Because it is not a distributed version control system. As more and more
people use a dvcs, they realize how incredibly flexible, useful, and generally
more powerful it is vs. a centralized vcs.

There is clear value added on numerous levels over subversion. You simply
haven't bothered to research it.

 _"Not wanting to learn the version-control flavor of the week is a very
different thing than not knowing how to use version control -- and it's
suggestive that you've so confused the two concepts."_

Git is not a flavor of the week. It is emerging as the dominant contender
after literally 2 years of fighting and evolving for superiority within the
dvcs community. This field is not new. It's suggestive of how out-of-date your
information is that you aren't aware of these.

 _"Being a professional is more about judicious decision making than it is
about raw knowledge of technology."_

Yes.
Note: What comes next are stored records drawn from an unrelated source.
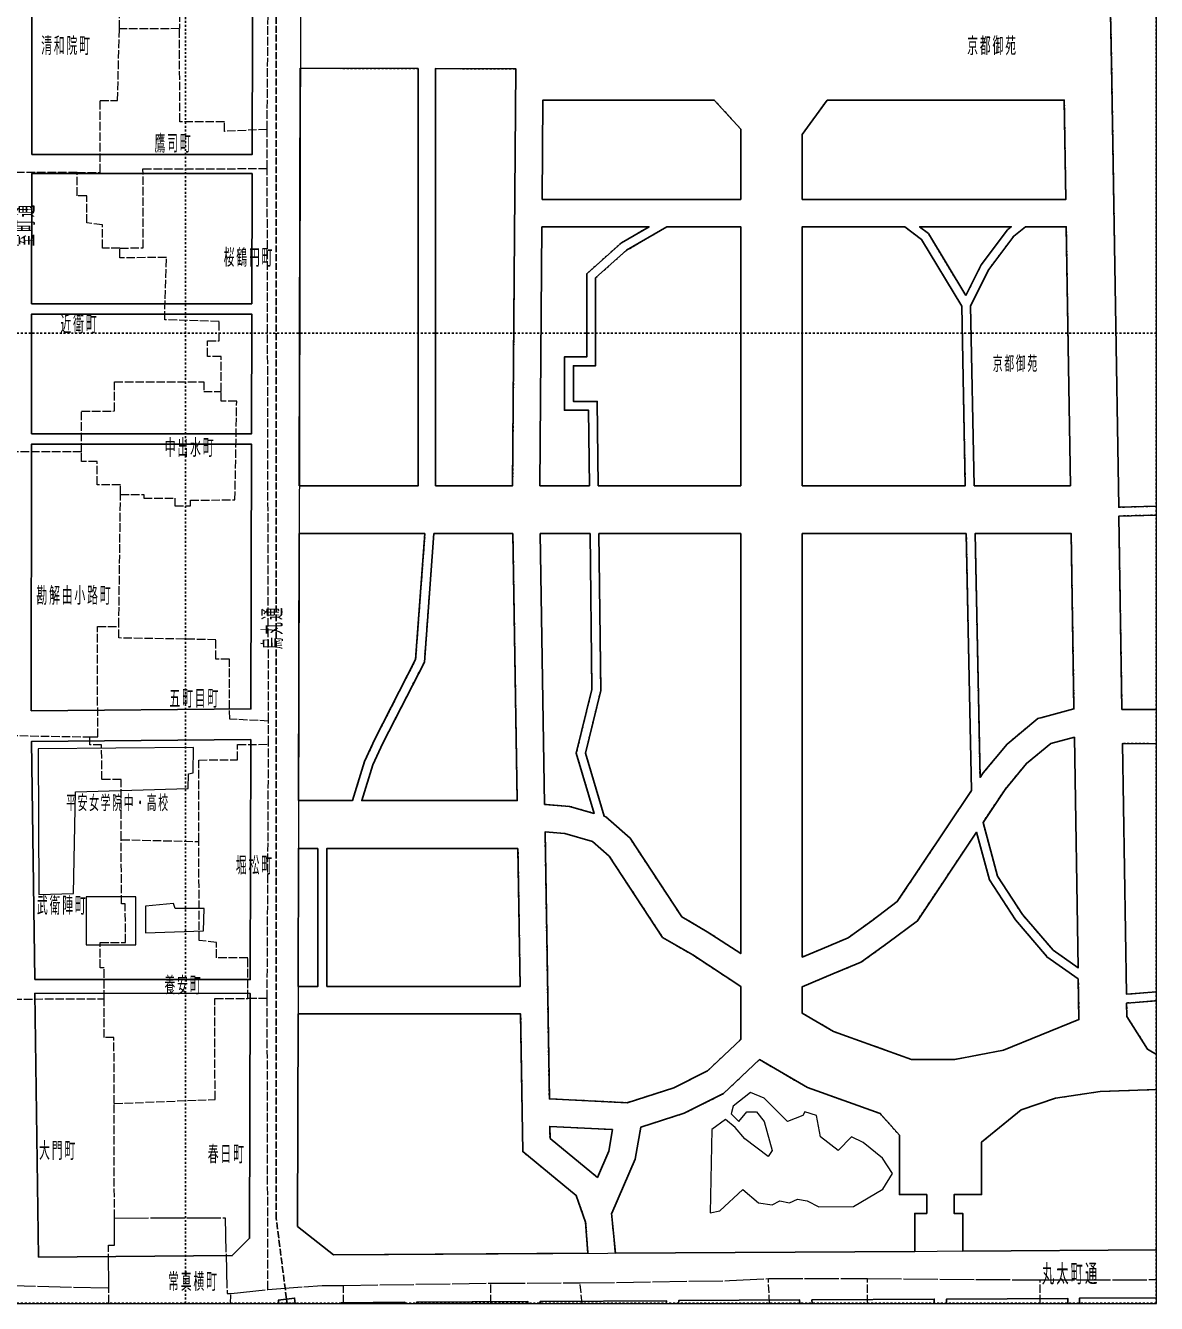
# Model space of a CAD drawing. Units: millimetres, scale not verified. Extents: x -74 to 76, y -84 to 66.
# Drawn here: x 18.1 to 76.4, y -83.8 to -18 of the extents above; entities that cross this region are included whole.
import ezdxf

# ---------------------------------------------------------------- set-up
doc = ezdxf.new("R2010")
doc.units = ezdxf.units.MM
doc.header["$LTSCALE"] = 0.25
for name, pattern in [('USER1', [0.70556, 0.35278, -0.35278]), ('USER2', [1.7639, 1.41112, -0.35278]), ('USER3', [7.40838, 7.0556, -0.35278]), ('USER4', [2.11668, 1.7639, -0.35278])]:
    doc.linetypes.add(name, pattern=pattern)
for name, color, linetype in [('0-0_01 グリッド', 7, 'USER1'), ('0-3_04 通称名・高速名', 7, 'Continuous'), ('0-4_05 町名', 7, 'Continuous'), ('0-7_08 地下鉄', 7, 'Continuous'), ('1-9_26 道路', 7, 'Continuous')]:
    doc.layers.add(name, color=color, linetype=linetype)
for name, color, linetype, lineweight in [('0-2_03 施設名・公園名', 7, 'Continuous', 18), ('0-B_12 区界', 30, 'USER3', 18), ('0-C_13 町界', 30, 'USER4', 18), ('0-F_16 学校', 1, 'Continuous', 18), ('1-6_23 園路・他敷地道', 7, 'USER1', 18), ('1-C_29 川・池', 150, 'Continuous', 18), ('1-D_30 公園・緑地', 3, 'Continuous', 18)]:
    doc.layers.add(name, color=color, linetype=linetype, lineweight=lineweight)
doc.styles.add('ＭＳ ゴシック', font='')
doc.styles.get('ＭＳ ゴシック').set_extended_font_data('MS Gothic')

msp = doc.modelspace()

# ---------------------------------------------------------------- linework, layer by layer
at = {"layer": '0-0_01 グリッド'}
for p, q in [((26.3939, -83.8326), (26.3939, 66.1638)), ((76.3943, -83.8326), (76.3943, 66.1638)), ((76.4091, -33.8242), (-73.6023, -33.8242)), ((76.4091, -83.8244), (-73.6023, -83.8244))]:
    msp.add_line(p, q, dxfattribs=at)
at = {"layer": '0-2_03 施設名・公園名'}
msp.add_lwpolyline([(-73.6023, -83.8326), (76.4091, -83.8326), (76.4091, 66.1638), (-73.6023, 66.1638)], close=True, dxfattribs=at)
at = {"layer": '0-7_08 地下鉄', "linetype": 'USER2'}
msp.add_lwpolyline([(31.6174, -83.8326), (31.5903, -83.6056), (31.0612, -79.4604), (31.0612, 46.3056), (31.0612, 66.1638)], dxfattribs=at)
at = {"layer": '0-7_08 地下鉄'}
msp.add_lwpolyline([(31.1911, -83.8326), (32.0436, -83.8326), (32.0107, -83.5556), (31.17, -83.6555)], dxfattribs=at)
msp.add_arc((-87.1877, -97.7922), 119.199, 6.72543, 6.81115, dxfattribs=at)
at = {"layer": '0-B_12 区界'}
msp.add_lwpolyline([(8.4302, -81.465), (8.4269, -80.1655), (8.9268, -80.1641), (9.8267, -80.1618), (9.8336, -82.8616), (15.0331, -82.8496), (22.4329, -83.0323), (22.4275, -80.8324), (22.7278, -80.8318), (22.7249, -79.432), (28.4241, -79.4186), (28.5332, -83.3181), (28.7338, -83.3177), (30.6328, -83.1129), (33.4321, -82.9067), (34.5318, -82.9042), (42.1216, -82.7863), (46.721, -82.7753), (54.4204, -82.6575), (56.4202, -82.5528), (61.5195, -82.5412), (70.4196, -82.6205), (76.4091, -82.6062)], dxfattribs=at)
at = {"layer": '0-C_13 町界'}
for p, q in [((23.079, -59.9323), (27.079, -60.0229)), ((34.534, -83.8326), (34.5318, -82.9042)), ((42.1236, -83.8326), (42.1216, -82.7863)), ((46.8197, -83.8326), (46.721, -82.7753)), ((56.4705, -83.8326), (56.4202, -82.5528)), ((61.5227, -83.8326), (61.5195, -82.5412)), ((70.4222, -83.8326), (70.4196, -82.6205)), ((22.4348, -83.8326), (22.4329, -83.0323)), ((28.7004, -83.8326), (28.7338, -83.3177))]:
    msp.add_line(p, q, dxfattribs=at)
for points in [[(30.6328, -83.1129), (30.5976, -68.1141), (30.6672, -55.0146), (30.6643, -53.8148), (30.5982, -25.34), (30.5932, -23.3166), (30.9027, 15.482), (30.8986, 17.2821), (31.0612, 33.2814), (31.1359, 44.0813), (31.1308, 46.1809), (31.1916, 50.0336)], [(20.7987, -25.5393), (15.8992, -25.5507), (15.897, -24.5508), (15.1971, -24.5525), (15.0917, -22.3526), (15.0862, -20.053), (15.6863, -20.0516), (15.6801, -17.3517), (14.7802, -17.3536), (14.7734, -14.5539)], [(20.7987, -25.5393), (21.9988, -25.5368), (21.9902, -21.8367), (22.89, -21.8346), (22.9817, -18.1346)], [(30.5932, -23.3166), (28.3933, -23.4216), (28.3928, -22.9216), (26.0928, -22.9271), (26.0818, -18.1273)], [(23.0079, -29.434), (22.108, -29.4361), (22.1053, -28.2362), (21.3049, -28.138), (21.3018, -26.7381), (20.8016, -26.7391), (20.7987, -25.5393)], [(22.9534, -48.9331), (23.0377, -42.1331), (24.2374, -42.1303), (24.2378, -42.3303), (25.8375, -42.3267), (25.8387, -42.7267), (26.6387, -42.7248), (26.638, -42.4246), (28.9376, -42.4194), (29.0258, -37.3194), (28.2258, -37.3213), (28.225, -36.8214), (28.2203, -35.0215), (27.5206, -35.0231), (27.5194, -34.2231), (28.1187, -34.2217), (28.1165, -33.2218), (25.3161, -33.1284), (25.4089, -29.9284), (23.0089, -29.9339), (23.0079, -29.434), (24.2078, -29.4311), (24.1985, -25.355), (30.5982, -25.34)], [(21.0324, -39.938), (21.0274, -37.8381), (22.7273, -37.8341), (22.724, -36.3343), (27.3241, -36.3236), (27.3246, -36.8235), (28.225, -36.8214)], [(21.0324, -39.938), (16.7331, -39.948), (16.7305, -39.048), (15.3306, -39.0513), (15.3296, -38.5512), (14.7296, -38.5526), (14.7286, -38.0529)], [(23.0377, -42.1331), (23.0363, -41.6332), (21.8367, -41.636), (21.8336, -40.4359), (21.0343, -40.4379), (21.0324, -39.938)], [(21.4665, -54.6359), (21.8668, -54.6351), (21.8536, -48.9355), (22.9534, -48.9331)], [(30.6643, -53.8148), (28.6641, -53.7192), (28.6573, -50.6193), (27.9571, -50.6212), (27.9547, -49.6212), (22.9548, -49.5329), (22.9534, -48.9331)], [(14.5763, -58.6521), (14.5713, -56.5518), (15.1721, -56.5504), (15.2665, -54.5507), (16.7667, -54.5471), (21.4665, -54.6359)], [(23.079, -59.9323), (23.072, -56.8324), (22.0717, -56.8343), (22.0675, -55.0347), (21.4676, -55.0361), (21.4665, -54.6359)], [(27.079, -60.0229), (27.069, -55.8228), (29.0692, -55.8181), (29.0671, -55.0185), (30.6672, -55.0146)], [(22.7109, -73.5322), (22.7028, -70.1324), (22.2027, -70.1336), (22.1981, -68.1337), (22.1943, -66.5338), (21.9943, -66.5345), (21.9917, -65.2343), (23.2914, -65.2316), (23.2866, -63.2312), (23.0862, -63.232), (23.079, -59.9323)], [(30.5976, -68.1141), (29.5979, -68.1165), (29.5929, -66.0164), (27.993, -66.0205), (27.9909, -65.2205), (27.091, -65.1227), (27.079, -60.0229)], [(15.0331, -82.8496), (14.8178, -76.3503), (15.0173, -76.2501), (15.1105, -73.1498), (15.3103, -72.9493), (15.2986, -68.2497), (15.8985, -68.1482), (22.1981, -68.1337)], [(22.7249, -79.432), (22.7109, -73.5322), (27.0199, -73.3524), (27.9104, -73.32), (27.8979, -68.1206), (29.5979, -68.1165)]]:
    msp.add_lwpolyline(points, dxfattribs=at)
msp.add_lwpolyline([(21.667, -11.938), (21.6643, -10.6382), (22.5641, -10.6359), (22.5593, -8.5361), (26.4588, -8.5268), (26.4611, -9.527), (27.261, -9.625), (27.1666, -11.9251), (28.6668, -11.9217), (28.6727, -14.5215), (26.0732, -14.6276), (26.0818, -18.1273), (22.9817, -18.1346), (22.9715, -13.8349), (22.2713, -13.8365), (22.2699, -13.2363), (21.6701, -13.2377)], close=True, dxfattribs=at)
at = {"layer": '0-F_16 学校'}
for points in [[(20.623, -62.7015), (20.7234, -57.458), (26.5326, -57.2844), (26.5407, -56.534), (26.781, -56.4837), (26.8071, -55.1734), (18.7983, -55.2425), (18.8358, -62.7518)], [(21.2717, -62.8798), (21.2717, -65.3492), (23.8294, -65.3492), (23.8294, -62.8798)], [(25.7764, -63.226), (24.3265, -63.359), (24.3301, -64.7389), (27.3196, -64.6216), (27.347, -63.4718), (25.8473, -63.4751)]]:
    msp.add_lwpolyline(points, close=True, dxfattribs=at)
at = {"layer": '1-6_23 園路・他敷地道'}
for points in [[(76.4091, -17.4409), (74.0466, -17.3534), (74.1003, -19.9677), (74.4648, -42.792), (76.4091, -42.74)], [(32.2959, -20.1665), (38.3814, -20.1837), (38.3814, -41.6833), (32.2665, -41.6833)], [(76.4091, -43.1985), (74.4724, -43.2503), (74.6317, -53.2112), (76.4091, -53.2179)], [(32.2373, -44.1528), (38.7252, -44.1528), (38.2441, -50.6456), (36.1486, -54.7495), (35.6154, -55.9043), (34.9907, -57.9112), (32.2373, -57.9112)], [(76.4091, -54.9818), (74.6593, -54.9751), (74.8658, -67.8905), (76.4091, -67.7748)], [(32.2373, -60.3807), (33.213, -60.3807), (33.213, -67.4952), (32.2077, -67.4952)], [(76.4091, -68.2347), (74.8734, -68.3499), (74.8846, -69.0513), (75.9557, -70.735), (76.4091, -70.9994)], [(32.1783, -68.9063), (43.6527, -68.9063), (43.7668, -76.0057), (46.5139, -78.2645), (47.0038, -79.6361), (47.1196, -81.2536)], [(48.5341, -81.2526), (48.3388, -79.1793), (48.3476, -79.1831), (49.557, -76.4018), (49.85, -74.741), (52.0829, -74.0304), (54.108, -73.0179), (55.9532, -71.2607), (58.4338, -72.703), (62.1692, -74.0476), (63.1642, -75.1673), (63.1642, -78.2255), (64.5753, -78.2255), (64.5753, -79.1957), (63.9579, -79.1957), (63.9579, -81.136)], [(66.4274, -81.1065), (66.4274, -79.1957), (65.9864, -79.1957), (65.9864, -78.2255), (67.3975, -78.2255), (67.3975, -75.5183), (69.4353, -73.8473), (71.2064, -73.2494), (73.5181, -72.9026), (76.4091, -72.8031)]]:
    msp.add_lwpolyline(points, dxfattribs=at)
for points in [[(39.2633, -20.1861), (43.4023, -20.1979), (43.2397, -41.6833), (39.2633, -41.6833)], [(44.8015, -21.8102), (53.6307, -21.8102), (54.9913, -23.3002), (54.9913, -26.9255), (44.7628, -26.9255)], [(71.7418, -26.9255), (58.1663, -26.9255), (58.1663, -23.583), (59.4469, -21.8102), (71.6602, -21.8102)], [(44.7519, -28.3366), (50.2737, -28.3366), (48.8494, -29.1676), (48.829, -29.1793), (47.0596, -30.7625), (47.0596, -35.0453), (45.9131, -35.0453), (45.9131, -37.7969), (47.1509, -37.7969), (47.1978, -41.6833), (44.6508, -41.6833)], [(47.6036, -37.3384), (46.372, -37.3384), (46.372, -35.5038), (47.5185, -35.5038), (47.5185, -30.9673), (49.1007, -29.5519), (51.1838, -28.3366), (54.9913, -28.3366), (54.9913, -41.6833), (47.656, -41.6833)], [(58.1663, -28.3366), (63.4387, -28.3366), (64.3133, -28.9929), (66.3757, -32.4297), (66.5619, -41.6833), (58.1663, -41.6833)], [(66.5857, -31.8878), (64.6605, -28.6799), (64.203, -28.3366), (68.9313, -28.3366), (68.7523, -28.482), (68.7304, -28.4997), (67.3781, -30.3029)], [(66.8341, -32.4161), (67.7699, -30.5448), (69.0632, -28.8201), (69.6585, -28.3366), (71.7642, -28.3366), (71.9775, -41.6833), (67.0206, -41.6833)], [(36.0423, -56.0689), (36.5611, -54.9501), (38.6949, -50.7717), (39.1851, -44.1528), (43.2555, -44.1528), (43.4763, -57.9112), (35.4709, -57.9112)], [(44.6668, -44.1528), (47.2274, -44.1528), (47.3242, -52.1818), (46.5227, -55.4771), (47.4398, -58.5728), (46.1797, -58.2128), (44.8907, -58.1138)], [(48.0491, -58.747), (47.9622, -58.7222), (46.9973, -55.4654), (47.7831, -52.2342), (47.6859, -44.1528), (54.9913, -44.1528), (54.9913, -65.8042), (53.2612, -64.6707), (51.9624, -63.9117), (49.2972, -59.8567)], [(66.6117, -44.1528), (66.8783, -57.3889), (63.0556, -63.1226), (61.7413, -64.1083), (60.5231, -64.9944), (59.1885, -65.5504), (58.1663, -65.9807), (58.1663, -44.1528)], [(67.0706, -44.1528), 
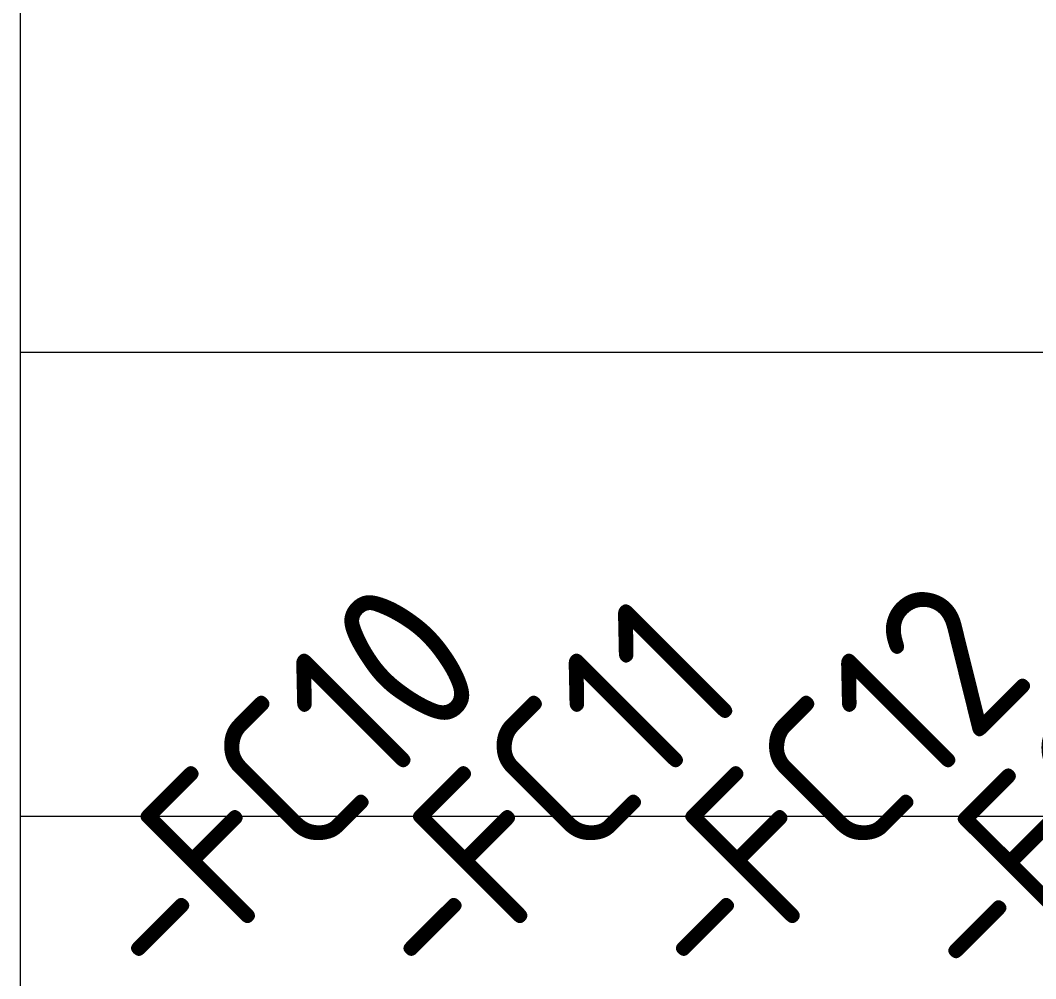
# Model space of a CAD drawing. Header units: millimetres. Extents: x 1359 to 3577, y 1333 to 3557.
# Drawn here: x 1601.1 to 1732.3, y 3015.6 to 3139.4 of the extents above; entities that cross this region are included whole.
import ezdxf

# ---------------------------------------------------------------- set-up
doc = ezdxf.new("R2010")
doc.units = ezdxf.units.MM
doc.layers.add('002-PI-Kabelska kanalica', color=150, linetype='Continuous')
doc.styles.add('PI0', font='isocpeur.ttf', dxfattribs={"width": 0.9})

# ---------------------------------------------------------------- blocks, each defined once
blk = doc.blocks.new('*U49')
at = {"layer": '002-PI-Kabelska kanalica', "color": 0, "linetype": 'ByBlock', "lineweight": 0}
for p, q in [((-20, -100), (-20, 716)), ((40, -100), (40, 716)), ((-20, -100), (40, -100))]:
    blk.add_line(p, q, dxfattribs=at)
blk = doc.blocks.new('*U53')
at = {"layer": '002-PI-Kabelska kanalica', "color": 0, "linetype": 'ByBlock', "lineweight": 0}
blk.add_line((80, -100), (80, 1572), dxfattribs=at)

msp = doc.modelspace()

# ---------------------------------------------------------------- block references
at = {"layer": '002-PI-Kabelska kanalica', "color": 0, "linetype": 'ByBlock', "lineweight": 0, "xscale": -1, "rotation": 180}
msp.add_blockref('*U53', (1521.071, 3251.556), dxfattribs=at)
at = {"layer": '002-PI-Kabelska kanalica', "color": 0, "linetype": 'ByBlock', "lineweight": 0, "rotation": 270}
msp.add_blockref('*U49', (1701.071, 3076.556), dxfattribs=at)

# ---------------------------------------------------------------- texts
at = {"layer": '002-PI-Kabelska kanalica', "color": 0, "linetype": 'ByBlock', "lineweight": 0, "style": 'PI0', "width": 0.9}
for s, p in [('-FC10', (1620.413, 3012.306)), ('-FC12', (1690.813, 3012.306)), ('-FC13', (1726.013, 3012.006)), ('-FC11', (1655.613, 3012.306))]:
    msp.add_text(s, height=20, rotation=45, dxfattribs=at).set_placement(p)

doc.saveas('drawing.dxf')

And I'm directly saying that you're making poor professional decisions.
DVCS isn't fad anymore, it's the new standard.

------
ohhmaagawd
we just started a new project and we tried out git briefly. our prob with git
is it supports ssh auth only (not HTTP Auth), which is retarded. makes setting
up new users a pain. and leading non-techies thru setting it up is quite a
challenge.

the other major prob is lack of windows support.

the people coding git clearly don't care about average joe users, just unix
geeks.

don't forget, there are a lot of people who use source control that have never
opened a command line in their life (like designers, doc people).

Because of these issues we had to switch to subversion....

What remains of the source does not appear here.